Parecía otro martes como cualquiera. Tenía una clase temprano y otra más tarde, con un par de horas libres entre ambas. Pensé que, como cada semana, pasaría ese tiempo con él; conversaríamos, comeríamos algo o simplemente caminaríamos por ahí, él y yo; probablemente me hablaría sobre su sentir respecto a ella.

Pero no fue así.

Salimos de la primera clase y estuvimos un rato en el pasillo. Lo noté raro, o al menos un poco distinto. Se veía cansado o algo así. Yo lo miraba con un poco de inquietud, y estuve a punto de decirle algo cuando me preguntó si había planeado algo para el tiempo de espera que teníamos en común. Le respondí con una negativa.

Pensé que me sugeriría alguna actividad o algún lugar a donde ir, como ya lo había hecho antes, pero me sorprendió su respuesta. No dijo nada. Sólo me extendió su mano en son de despedida. Por un instante me quedé pasmado; no comprendía. Me miró fijamente a los ojos y me dijo que se iría a casa. Estreché su mano, aún dubitativo. Simplemente no lo entendía. No tenía sentido. Teníamos otra clase en la tarde, una importante. Me mencionó que no se sentía muy bien. Le pregunté si podía ayudarle en algo, pero me respondió un no con los ojos, agradeció con una ligera sonrisa y entonces se marchó con las manos en los bolsillos y la mirada por los suelos.

Me quedé ahí tras su rastro por un par de minutos, preguntándome sobre lo que había pasado. Primero supuse que tenía que ver con el hecho de que ella iría a la clase de la tarde, pero entonces recordé que llevábamos compartiendo salón con ella más de la mitad del semestre y nunca había pasado esto. Algo simplemente no encajaba.

No recuerdo qué hice en esas dos horas y feria que tenía para derrochar. De seguro retomé aquella corta novela que había estado leyendo esa semana: la historia de una chica que se perdía en el bosque y que era rescatada por un misterioso guardián.

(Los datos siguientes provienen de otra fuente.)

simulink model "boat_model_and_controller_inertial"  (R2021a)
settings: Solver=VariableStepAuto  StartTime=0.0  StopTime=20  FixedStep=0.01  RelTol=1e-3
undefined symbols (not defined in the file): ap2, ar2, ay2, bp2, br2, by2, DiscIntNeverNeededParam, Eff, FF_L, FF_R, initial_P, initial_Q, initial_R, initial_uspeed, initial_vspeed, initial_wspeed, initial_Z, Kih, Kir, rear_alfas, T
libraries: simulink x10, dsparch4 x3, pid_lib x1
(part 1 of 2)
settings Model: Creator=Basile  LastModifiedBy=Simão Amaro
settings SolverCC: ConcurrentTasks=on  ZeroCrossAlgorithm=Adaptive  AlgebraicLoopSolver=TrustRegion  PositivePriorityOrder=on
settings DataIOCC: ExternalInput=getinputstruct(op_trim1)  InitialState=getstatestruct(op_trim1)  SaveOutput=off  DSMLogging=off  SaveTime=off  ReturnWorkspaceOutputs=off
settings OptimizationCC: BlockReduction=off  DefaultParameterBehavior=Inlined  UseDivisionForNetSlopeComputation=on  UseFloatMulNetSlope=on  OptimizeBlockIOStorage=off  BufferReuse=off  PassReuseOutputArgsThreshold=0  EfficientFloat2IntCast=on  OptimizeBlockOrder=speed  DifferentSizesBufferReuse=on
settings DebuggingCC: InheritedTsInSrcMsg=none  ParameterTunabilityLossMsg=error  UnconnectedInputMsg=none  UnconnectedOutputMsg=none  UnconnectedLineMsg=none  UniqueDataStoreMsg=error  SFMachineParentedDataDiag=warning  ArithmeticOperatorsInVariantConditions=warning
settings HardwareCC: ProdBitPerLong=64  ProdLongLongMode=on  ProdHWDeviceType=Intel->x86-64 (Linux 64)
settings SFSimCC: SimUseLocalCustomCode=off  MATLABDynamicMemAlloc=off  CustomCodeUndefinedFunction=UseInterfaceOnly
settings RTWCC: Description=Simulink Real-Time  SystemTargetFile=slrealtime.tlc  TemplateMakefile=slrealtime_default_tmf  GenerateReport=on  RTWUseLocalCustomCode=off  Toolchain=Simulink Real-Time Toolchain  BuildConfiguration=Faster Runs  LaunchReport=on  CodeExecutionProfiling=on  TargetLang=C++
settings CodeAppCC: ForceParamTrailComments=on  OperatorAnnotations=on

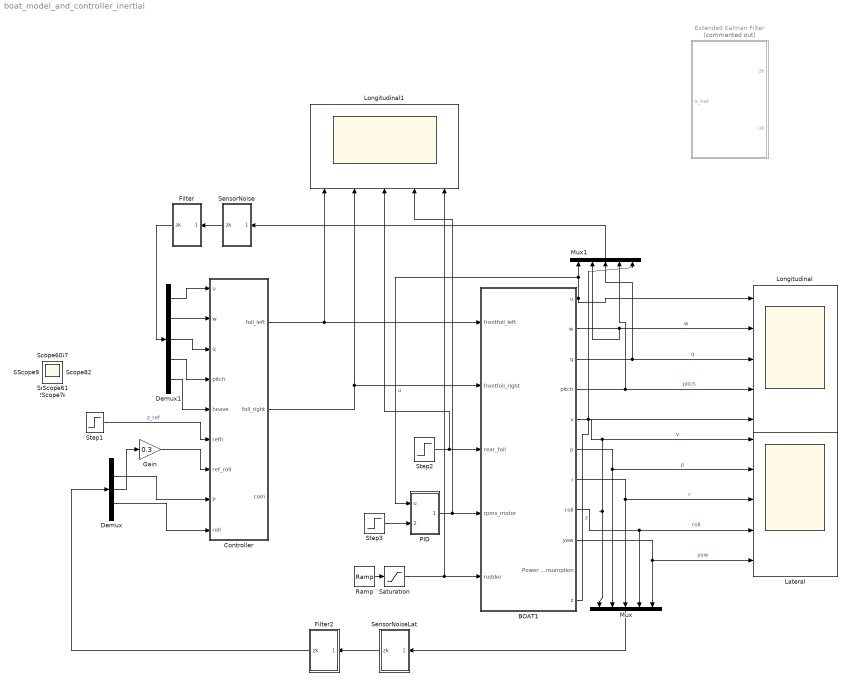
== system boat_model_and_controller_inertial ==
  BOAT1 : Subsystem
  Controller : Subsystem
  Demux : Demux  Outputs=5
  Demux1 : Demux  Outputs=5
  Extended Kalman Filter : Subsystem  Commented=on
  Filter : Subsystem
  Filter2 : Subsystem
  Gain : Gain  Gain=0.3
  Lateral : Scope  NumInputPorts=5
  Longitudinal : Scope  NumInputPorts=5
  Longitudinal1 : Scope  NumInputPorts=5
  Mux : Mux  Inputs=5
  Mux1 : Mux  Inputs=5
  PID : Subsystem
  Ramp : simulink/Sources/Ramp  slope=0  start=0  InitialOutput=15
  Saturation : Saturate  UpperLimit=15  LowerLimit=-15
  SensorNoise : Subsystem
  SensorNoiseLat : Subsystem
  Step1 : Step  Time=0  Before=initial_Z  After=-0.4  SampleTime=0
  Step2 : Step  Time=0  Before=rear_alfas  After=rear_alfas  SampleTime=0
  Step3 : Step  Time=0  Before=initial_uspeed  After=7  SampleTime=0
  Scope{,1..64} (65 alike) : Scope
  wires:
  BOAT1/2(w) -> Mux1/2, Longitudinal/2  "w"
  BOAT1/3(q) -> Mux1/3, Longitudinal/3  "q"
  BOAT1/5(v) -> Mux/1, Lateral/1  "v"
  BOAT1/6(p) -> Lateral/2, Mux/2  "p"
  BOAT1/8(roll) -> Lateral/4, Mux/4  "roll"
  BOAT1/11(z) -> Mux1/5, Longitudinal/5  "z"
  BOAT1/1(u) -> Longitudinal/1, PID/1(u), Mux1/1  "u"
  BOAT1/7(r) -> Lateral/3, Mux/3  "r"
  Demux1/2 -> Controller/2(w)
  Demux1/3 -> Controller/3(q)
  Demux1/4 -> Controller/4(pitch)
  Demux1/5 -> Controller/5(heave)
  Demux1/1 -> Controller/1(u)
  BOAT1/9(yaw) -> Mux/5, Lateral/5  "yaw"
  BOAT1/4(pitch) -> Mux1/4, Longitudinal/4  "pitch"
  Mux1/1 -> SensorNoise/1(states)
  Step1/1 -> Controller/6(refh)  "z_ref"
  Mux/1 -> SensorNoiseLat/1(states)
  Step3/1 -> PID/2(In2)
  Controller/1(foil_left) -> Longitudinal1/1, BOAT1/1(frontfoil_left)
  Controller/2(foil_right) -> Longitudinal1/2, BOAT1/2(frontfoil_right)
  Step2/1 -> Longitudinal1/3, BOAT1/3(rear_foil)
  PID/1(rpms_motor) -> BOAT1/4(rpms_motor), Longitudinal1/4
  Demux/4 -> Controller/9(roll)
  SensorNoise/1(zk) -> Filter/1(states)
  SensorNoiseLat/1(zk) -> Filter2/1(states)
  Filter/1(zk) -> Demux1/1
  Filter2/1(zk) -> Demux/1
  Gain/1 -> Controller/7(ref_roll)
  Demux/2 -> Controller/8(P)
  Demux/3 -> Gain/1
  Ramp/1 -> Saturation/1
  Saturation/1 -> BOAT1/5(rudder), Longitudinal1/5

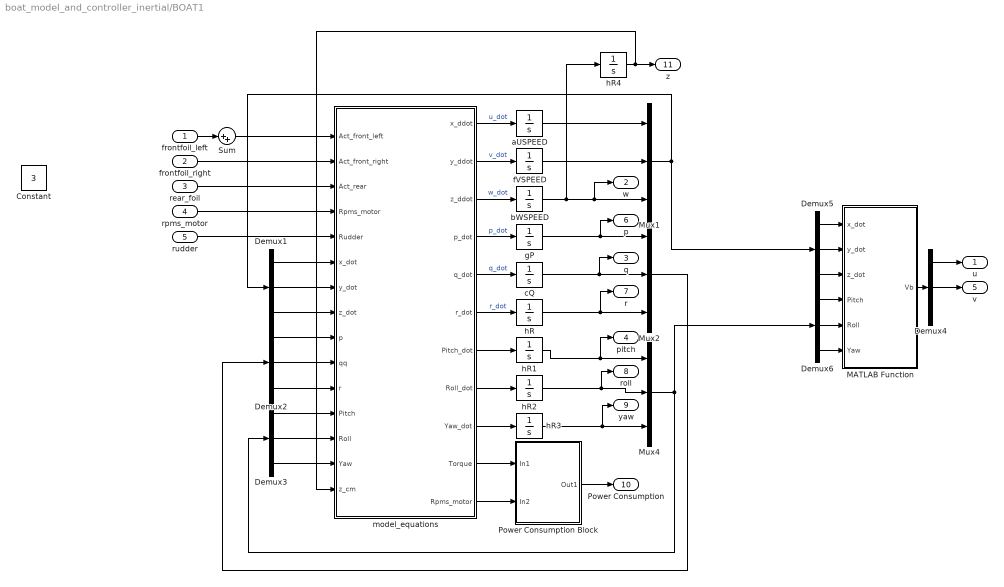
== system boat_model_and_controller_inertial/BOAT1 ==
  frontfoil_left : Inport
  frontfoil_right : Inport  Port=2
  rear_foil : Inport  Port=3
  rpms_motor : Inport  Port=4
  rudder : Inport  Port=5
  Constant : Constant  Value=3
  Demux{1..6} (6 alike) : Demux  Outputs=3
  MATLAB Function : MATLAB Function  TreatAsAtomicUnit=on
  Mux1 : Mux  Inputs=3
  Mux2 : Mux  Inputs=3
  Mux4 : Mux  Inputs=3
  Power Consumption Block : Subsystem
  Sum : Sum  Inputs=|++
  aUSPEED : Integrator  InitialCondition=initial_uspeed
  bWSPEED : Integrator  InitialCondition=initial_wspeed
  cQ : Integrator  InitialCondition=initial_Q
  fVSPEED : Integrator  InitialCondition=initial_vspeed
  gP : Integrator  InitialCondition=initial_P
  hR : Integrator  InitialCondition=initial_R
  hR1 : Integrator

Entonces, poco antes de la hora, llegué al salón para mi última clase del día. Ella había llegado temprano. Estaba allí, sentada, apacible. Leía sus notas con la mirada medio perdida, con una mano descansando en su regazo y la otra soportando su rostro por la mejilla. Me acerqué para tomar asiento a su lado, aunque no se dio cuenta de mi presencia, no hasta que la toqué ligeramente en el hombro. Entonces me miró y sonrió. Nos saludamos.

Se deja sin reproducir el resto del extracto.